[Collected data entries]

+ + + +

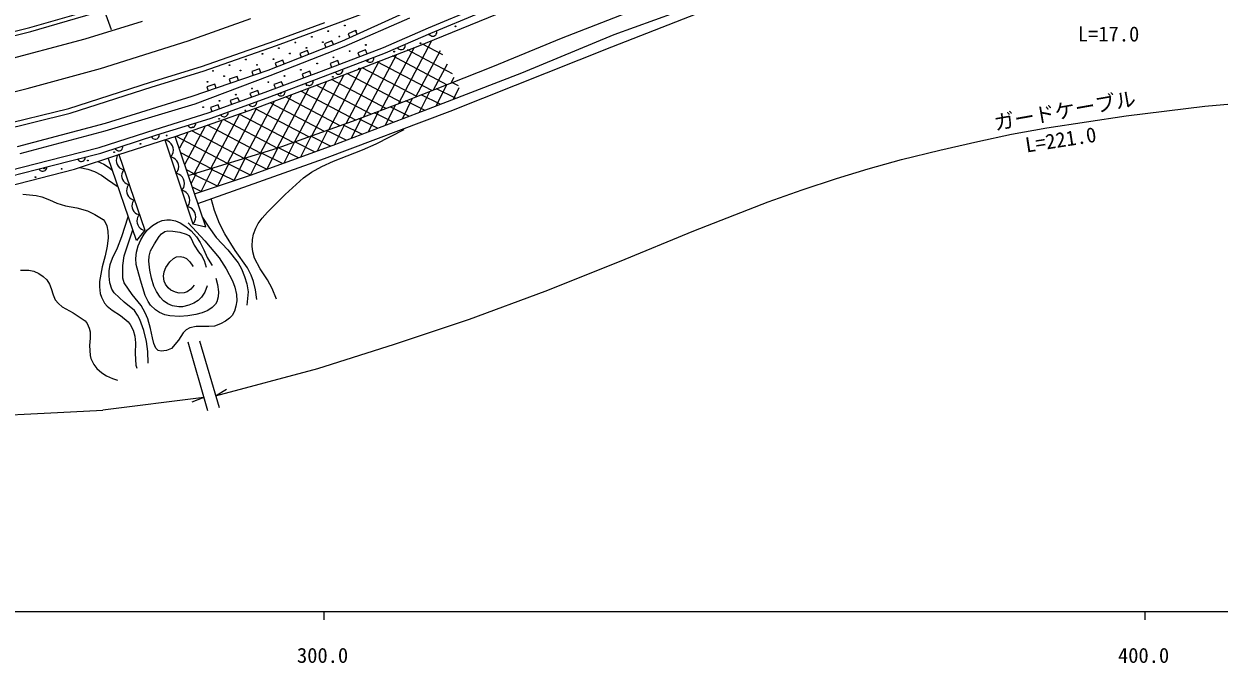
# Model space of a CAD drawing. Units: millimetres, scale not verified. Extents: x 40000 to 680000, y 20000 to 380000.
# Drawn here: x 331466 to 477041, y 198715 to 276616 of the extents above; entities that cross this region are included whole.
import ezdxf
from ezdxf.enums import TextEntityAlignment as Align

# ---------------------------------------------------------------- set-up
doc = ezdxf.new("R2010")
doc.units = ezdxf.units.MM
doc.header["$LTSCALE"] = 1000
doc.linetypes.add('CHAIN', pattern=[18.5, 12, -1.5, 3.5, -1.5])
for name, color, linetype, lineweight in [('M-BGD', 7, 'Continuous', 25), ('M-BGD-EXST', 7, 'Continuous', 25), ('M-BMK', 2, 'CHAIN', 13), ('M-STR-HTXT', 7, 'Continuous', 13), ('M-STR-STRC', 7, 'Continuous', 25), ('M-TTL-BAND', 7, 'Continuous', 25)]:
    doc.layers.add(name, color=color, linetype=linetype, lineweight=lineweight)
doc.styles.add('ＭＳ ゴシック', font='')
doc.styles.get('ＭＳ ゴシック').set_extended_font_data('MS Gothic')

msp = doc.modelspace()

# ---------------------------------------------------------------- linework, layer by layer
at = {"layer": 'M-BGD'}
for p, q in [((368321, 276235), (379890, 280553)), ((396954, 274893), (410647, 280230)), ((332179, 276162), (339846, 278386)), ((370209, 274503), (378162, 278128)), ((379296, 273829), (391345, 278741)), ((380738, 276119), (386799, 278664)), ((403357, 275308), (413264, 278906)), ((332309, 275679), (339991, 277907)), ((362030, 274531), (368112, 276798)), ((370477, 273856), (378482, 277367)), ((381013, 275476), (387064, 278016)), ((403072, 273831), (413471, 277865)), ((325599, 274528), (332179, 276162)), ((325711, 274040), (332309, 275679)), ((362233, 273966), (368321, 276235)), ((371855, 275803), (370945, 275388)), ((370945, 275388), (371153, 274933)), ((372063, 275348), (371855, 275803)), ((375258, 273733), (380738, 276119)), ((375523, 273085), (381013, 275476)), ((380834, 275354), (380918, 275259)), ((380918, 275259), (381012, 275191)), ((381012, 275191), (381143, 275138)), ((381143, 275138), (381259, 275122)), ((381385, 275132), (381532, 275195)), ((381532, 275195), (381627, 275279)), ((381627, 275279), (381695, 275374)), ((381695, 275374), (381748, 275505)), ((381748, 275505), (381764, 275620)), ((381764, 275620), (381753, 275747)), ((392116, 270661), (403357, 275308)), ((353111, 271432), (362030, 274531)), ((353299, 270862), (362233, 273966)), ((361204, 270967), (370209, 274503)), ((361455, 270314), (370477, 273856)), ((367706, 270845), (375258, 273733)), ((368991, 274562), (368060, 274196)), ((368060, 274196), (368242, 273731)), ((369173, 274096), (368991, 274562)), ((371408, 270785), (379296, 273829)), ((374949, 266066), (379025, 273761)), ((376986, 273710), (377070, 273615)), ((377078, 266880), (381166, 274598)), ((377779, 273636), (377848, 273730)), ((377848, 273730), (377900, 273861)), ((377900, 273861), (377916, 273977)), ((377916, 273977), (377906, 274103)), ((382495, 272853), (380035, 274156)), ((381259, 275122), (381385, 275132)), ((383373, 265964), (403072, 273831)), ((388585, 271439), (396954, 274893)), ((365989, 273383), (365058, 273018)), ((365058, 273018), (365241, 272552)), ((366172, 272918), (365989, 273383)), ((367953, 270190), (375523, 273085)), ((373083, 273436), (372149, 273079)), ((372149, 273079), (372327, 272612)), ((372820, 265251), (376885, 272925)), ((373261, 272969), (373083, 273436)), ((374025, 272169), (374082, 272298)), ((374082, 272298), (374103, 272413)), ((374103, 272413), (374097, 272540)), ((382969, 269207), (376346, 272715)), ((377070, 273615), (377165, 273547)), ((377165, 273547), (377296, 273494)), ((377296, 273494), (377412, 273478)), ((377412, 273478), (377538, 273489)), ((377538, 273489), (377685, 273552)), ((377685, 273552), (377779, 273636)), ((383671, 270532), (378191, 273435)), ((379218, 267715), (382223, 273389)), ((346891, 269497), (353111, 271432)), ((347072, 268925), (353299, 270862)), ((351962, 267789), (361204, 270967)), ((360153, 271135), (359208, 270809)), ((359208, 270809), (359370, 270337)), ((359577, 266288), (371408, 270785)), ((360316, 270662), (360153, 271135)), ((360848, 268279), (367706, 270845)), ((362987, 272205), (362057, 271839)), ((362057, 271839), (362239, 271374)), ((363170, 271739), (362987, 272205)), ((366284, 270847), (365348, 270496)), ((366459, 270379), (366284, 270847)), ((368611, 263713), (372604, 271252)), ((369690, 272139), (368756, 271782)), ((368756, 271782), (368935, 271315)), ((369869, 271672), (369690, 272139)), ((370240, 270722), (370298, 270851)), ((370298, 270851), (370318, 270966)), ((370318, 270966), (370313, 271092)), ((370705, 264462), (374744, 272089)), ((379308, 267751), (372658, 271273)), ((373163, 272182), (373243, 272085)), ((373243, 272085), (373335, 272013)), ((373335, 272013), (373464, 271955)), ((373464, 271955), (373579, 271935)), ((373579, 271935), (373705, 271940)), ((373705, 271940), (373855, 271997)), ((373855, 271997), (373953, 272077)), ((373953, 272077), (374025, 272169)), ((381139, 268479), (374502, 271994)), ((378093, 267268), (388585, 271439)), ((381368, 268570), (383053, 271752)), ((336945, 266320), (346891, 269497)), ((352322, 266882), (361455, 270314)), ((357431, 270199), (356486, 269874)), ((356486, 269874), (356648, 269401)), ((357594, 269726), (357431, 270199)), ((361090, 267622), (367953, 270190)), ((362855, 269564), (361919, 269213)), ((363030, 269095), (362855, 269564)), ((364423, 262216), (368345, 269621)), ((365348, 270496), (365523, 270028)), ((365769, 269373), (365849, 269274)), ((366517, 262965), (370470, 270428)), ((366558, 269262), (366630, 269353)), ((366630, 269353), (366689, 269482)), ((366689, 269482), (366710, 269597)), ((366710, 269597), (366706, 269723)), ((375606, 266317), (368941, 269847)), ((369379, 270735), (369459, 270637)), ((369459, 270637), (369551, 270565)), ((369551, 270565), (369680, 270508)), ((369680, 270508), (369794, 270487)), ((369794, 270487), (369921, 270493)), ((369921, 270493), (370070, 270550)), ((370070, 270550), (370168, 270630)), ((370168, 270630), (370240, 270722)), ((377467, 267029), (370807, 270556)), ((380216, 266067), (392116, 270661)), ((383518, 269425), (383883, 270114)), ((384396, 269054), (383591, 269454)), ((337108, 265742), (347072, 268925)), ((354709, 269263), (353763, 268938)), ((353763, 268938), (353926, 268465)), ((353914, 265761), (360848, 268279)), ((354872, 268790), (354709, 269263)), ((359944, 268484), (359004, 268145)), ((359004, 268145), (359173, 267674)), ((360114, 268014), (359944, 268484)), ((360301, 260844), (364094, 268005)), ((361919, 269213), (362094, 268745)), ((362329, 261468), (366220, 268813)), ((362337, 268089), (362417, 267990)), ((362417, 267990), (362508, 267918)), ((362508, 267918), (362637, 267859)), ((362637, 267859), (362751, 267838)), ((362878, 267842), (363028, 267899)), ((363028, 267899), (363126, 267978)), ((363126, 267978), (363199, 268069)), ((363199, 268069), (363257, 268198)), ((363257, 268198), (363278, 268313)), ((363278, 268313), (363274, 268439)), ((371885, 264893), (365210, 268429)), ((365849, 269274), (365940, 269202)), ((365940, 269202), (366069, 269143)), ((366069, 269143), (366183, 269122)), ((366183, 269122), (366310, 269127)), ((366310, 269127), (366459, 269183)), ((366459, 269183), (366558, 269262)), ((373746, 265605), (367076, 269138)), ((379636, 265858), (380891, 268381)), ((382148, 266821), (379847, 267966)), ((381707, 266652), (382980, 269211)), ((384050, 267550), (381719, 268710)), ((383777, 267445), (384483, 268865)), ((341369, 263586), (352322, 266882)), ((341387, 264506), (351962, 267789)), ((354138, 265098), (361090, 267622)), ((355129, 266746), (354189, 266407)), ((354189, 266407), (354358, 265936)), ((355299, 266276), (355129, 266746)), ((357537, 267615), (356596, 267276)), ((356596, 267276), (356766, 266805)), ((357707, 267145), (357537, 267615)), ((358274, 260221), (361969, 267197)), ((358882, 266820), (358960, 266721)), ((358960, 266721), (359051, 266648)), ((359051, 266648), (359179, 266588)), ((359179, 266588), (359293, 266565)), ((359293, 266565), (359420, 266569)), ((359420, 266569), (359570, 266623)), ((359570, 266623), (359669, 266702)), ((359669, 266702), (359743, 266792)), ((359743, 266792), (359803, 266921)), ((359803, 266921), (359825, 267035)), ((359825, 267035), (359822, 267161)), ((368069, 263520), (361478, 267010)), ((362751, 267838), (362878, 267842)), ((369982, 264204), (363344, 267720)), ((371495, 264744), (378093, 267268)), ((375496, 264271), (376727, 266746)), ((378344, 265363), (376070, 266494)), ((377566, 265064), (378803, 267551)), ((380246, 266092), (377973, 267223)), ((328236, 264173), (336945, 266320)), ((328371, 263589), (337108, 265742)), ((347462, 263760), (353914, 265761)), ((347673, 263093), (354138, 265098)), ((350026, 262923), (359577, 266288)), ((354219, 258974), (357752, 265645)), ((355406, 265558), (355484, 265459)), ((355484, 265459), (355575, 265386)), ((355575, 265386), (355703, 265326)), ((355703, 265326), (355817, 265303)), ((355817, 265303), (355944, 265307)), ((355944, 265307), (356094, 265361)), ((356094, 265361), (356193, 265440)), ((356193, 265440), (356267, 265530)), ((356246, 259597), (359844, 266389)), ((356267, 265530), (356327, 265659)), ((356327, 265659), (356349, 265773)), ((356349, 265773), (356346, 265899)), ((364242, 262152), (357689, 265623)), ((366156, 262836), (359613, 266301)), ((368072, 260207), (383373, 265964)), ((369123, 261828), (380216, 266067)), ((371356, 262684), (372589, 265163)), ((374540, 263904), (372262, 265038)), ((373426, 263477), (374658, 265954)), ((376442, 264633), (374166, 265766)), ((330690, 261656), (341387, 264506)), ((330991, 260818), (341369, 263586)), ((340629, 261552), (347462, 263760)), ((351085, 259466), (353579, 264175)), ((351442, 264244), (351516, 264141)), ((351516, 264141), (351604, 264064)), ((351604, 264064), (351729, 263999)), ((351729, 263999), (351843, 263972)), ((351843, 263972), (351969, 263970)), ((358274, 260221), (351915, 263589)), ((351969, 263970), (352122, 264018)), ((352122, 264018), (352224, 264093)), ((352191, 258350), (355665, 264910)), ((352224, 264093), (352301, 264180)), ((352301, 264180), (352366, 264306)), ((352366, 264306), (352393, 264419)), ((352393, 264419), (352395, 264546)), ((360301, 260844), (353840, 264267)), ((362329, 261468), (355764, 264945)), ((362329, 261468), (371495, 264744)), ((367241, 261148), (368497, 263673)), ((370736, 262446), (368365, 263625)), ((369286, 261890), (370535, 264401)), ((372638, 263175), (370325, 264326)), ((340823, 260879), (347673, 263093)), ((343038, 260709), (350026, 262923)), ((347004, 262837), (347078, 262735)), ((347078, 262735), (347166, 262658)), ((347166, 262658), (347291, 262593)), ((347291, 262593), (347405, 262566)), ((347405, 262566), (347531, 262564)), ((347531, 262564), (347684, 262612)), ((347684, 262612), (347786, 262687)), ((347786, 262687), (347863, 262774)), ((347863, 262774), (347928, 262900)), ((347928, 262900), (347955, 263013)), ((347955, 263013), (347957, 263139)), ((348862, 262420), (348612, 262475)), ((348612, 262475), (352029, 252266)), ((349029, 262337), (348862, 262420)), ((349210, 262212), (349029, 262337)), ((349419, 262003), (349210, 262212)), ((353623, 251868), (349881, 262877)), ((356246, 259597), (350037, 262886)), ((350463, 261497), (351492, 263440)), ((363156, 259672), (364422, 262216)), ((366876, 261016), (364446, 262224)), ((365199, 260410), (366459, 262944)), ((368827, 261721), (366406, 262925)), ((334423, 259966), (340629, 261552)), ((334596, 259288), (340823, 260879)), ((337641, 258910), (343038, 260709)), ((342566, 261431), (342640, 261329)), ((342640, 261329), (342728, 261252)), ((342728, 261252), (342853, 261187)), ((342853, 261187), (342967, 261160)), ((343025, 260746), (342874, 260568)), ((342967, 261160), (343093, 261158)), ((343031, 260707), (346184, 251469)), ((343093, 261158), (343246, 261206)), ((343246, 261206), (343348, 261280)), ((343348, 261280), (343425, 261368)), ((343425, 261368), (343490, 261493)), ((343490, 261493), (343517, 261607)), ((343517, 261607), (343519, 261733)), ((349310, 260389), (349477, 260584)), ((349545, 261767), (349419, 262003)), ((349477, 260584), (349560, 260751)), ((349628, 261517), (349545, 261767)), ((349560, 260751), (349629, 260960)), ((349671, 261252), (349628, 261517)), ((349629, 260960), (349671, 261252)), ((354219, 258974), (350658, 260860)), ((351492, 258136), (362329, 261468)), ((359072, 258197), (369123, 261828)), ((359072, 258197), (360404, 260876)), ((362974, 259606), (360415, 260879)), ((361114, 258934), (362384, 261487)), ((364925, 260311), (362487, 261524)), ((326541, 257961), (334423, 259966)), ((326709, 257281), (334596, 259288)), ((334242, 259078), (334251, 259204)), ((337987, 260156), (338055, 260050)), ((338055, 260050), (338138, 259967)), ((338138, 259967), (338259, 259895)), ((338259, 259895), (338371, 259862)), ((338371, 259862), (338497, 259853)), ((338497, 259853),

+ + + +

PROBLEM TO WORK ON: Give the lines again exactly, beginning with the first line of the records above and ending with the line that contains "doc.linetypes.add('CHAIN', pattern=[18.5, 12, -1.5, 3.5, -1.5])", and include no pictures.

EXERCISE RESPONSE:
# Model space of a CAD drawing. Units: millimetres, scale not verified. Extents: x 40000 to 680000, y 20000 to 380000.
# Drawn here: x 331466 to 477041, y 198715 to 276616 of the extents above; entities that cross this region are included whole.
import ezdxf
from ezdxf.enums import TextEntityAlignment as Align

# ---------------------------------------------------------------- set-up
doc = ezdxf.new("R2010")
doc.units = ezdxf.units.MM
doc.header["$LTSCALE"] = 1000
doc.linetypes.add('CHAIN', pattern=[18.5, 12, -1.5, 3.5, -1.5])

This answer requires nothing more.